Adaptations to Seasonal Changes: Dormancy and the life cycle:
Annuals: the entire life cycle of the plant takes place within a single growing season. Only the seeds are left after the one growing season. Seeds are resistant to cold, desiccation and other environmental factors. The seeds bridge the gap between generations. Annuals are usually soft stemmed. Herbaceous: soft stemmed (non-woody).
Biennial: the period from seed germination to seed formation spans two growing seasons. The first growing season results in a short stem and rosette of leaves near the soil and a root. The root is modified for food storage (beets and carrots). In the second growing season the stored food reserves in the root are mobilized for flowering, fruiting, and seed formation, after which the plant dies.
Perennials: vegetative structures persist year after year. Herbaceous perennials remain dormant as modified underground structures during unfavorable seasons. Woody perennials survive above ground and only flower when they become adult plants. These plants have an advantage in that height can be added during each growing season. The leaves of these plants can overtop their neighbors. Deciduous plants drop their leaves annually.
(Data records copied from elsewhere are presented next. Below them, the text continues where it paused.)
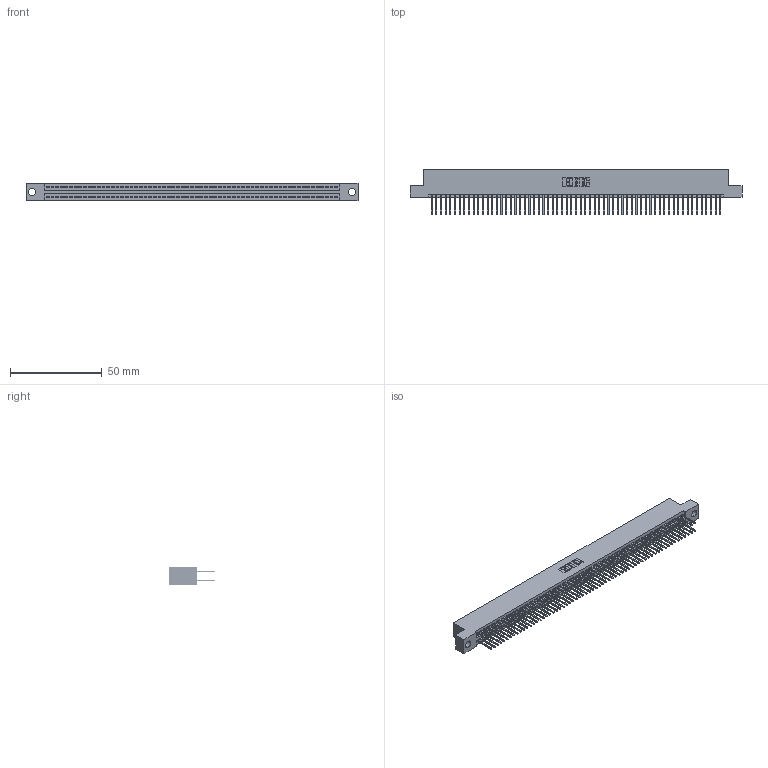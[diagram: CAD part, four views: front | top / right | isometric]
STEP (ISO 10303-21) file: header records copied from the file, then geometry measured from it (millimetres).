
FILE_DESCRIPTION (( 'STEP AP203' ), '1' );
FILE_NAME ('345-126-523-204.STEP', '2021-05-25T18:56:23', ( '' ), ( '' ), 'SwSTEP 2.0', 'SolidWorks 2020', '' );
FILE_SCHEMA (( 'CONFIG_CONTROL_DESIGN' ));
Length unit declared in the file: inch
Products named in the file (3): 345-292-001_345-293-123; 345 Part_Flush Mounting Lugs - 0.156 Dia-TI; 345-126-523-204
Assembly tree (127 placements, depth 2):
  345-126-523-204
    345 Part_Flush Mounting Lugs - 0.156 Dia-TI
    345-292-001_345-293-123  x126
Bounding box: 181.23 x 24.82 x 9.4 mm (x, y, z)
Volume: 17952 mm3; surface area: 27952.9 mm2
Topology: 127 solids, 127 shells, 6440 faces, 19151 edges, 12598 vertices
Faces by surface type: plane 4252, cylinder 2188
Entity records: 47041 total; most frequent: CARTESIAN_POINT 7870, ORIENTED_EDGE 7802, DIRECTION 6913, EDGE_CURVE 3901, VECTOR 3517, LINE 3517, VERTEX_POINT 2598, AXIS2_PLACEMENT_3D 1698

Some seeds remain dormant for long periods of time before germination. The seed coat plays a major role in dormancy. Sometimes the seed coat acts as a mechanical barrier by preventing the entry of water and gases. Growth can be initiated when the coat is worn away, burned by fire, abraded by sand or soil, partially digested.
Germination cannot begin until the seed has imbibed the water required for metabolic activities. Hydration causes the seed to expand and the seed coat ruptures. Metabolic changes in the embryo cause the embryo to grow. The embryo produces the enzyme alpha amylase. This enzyme breaks down the starch that is stored in the endosperm or cotyledon. The nutrients move to the growing areas of the embryo.
In dicots, the first organ to emerge is the radicle. The hypocotyl grows upward, and once stimulated by the light, straightens, thus raising the cotyledons and the epicotyl. The epicotyl now spreads its first leaves.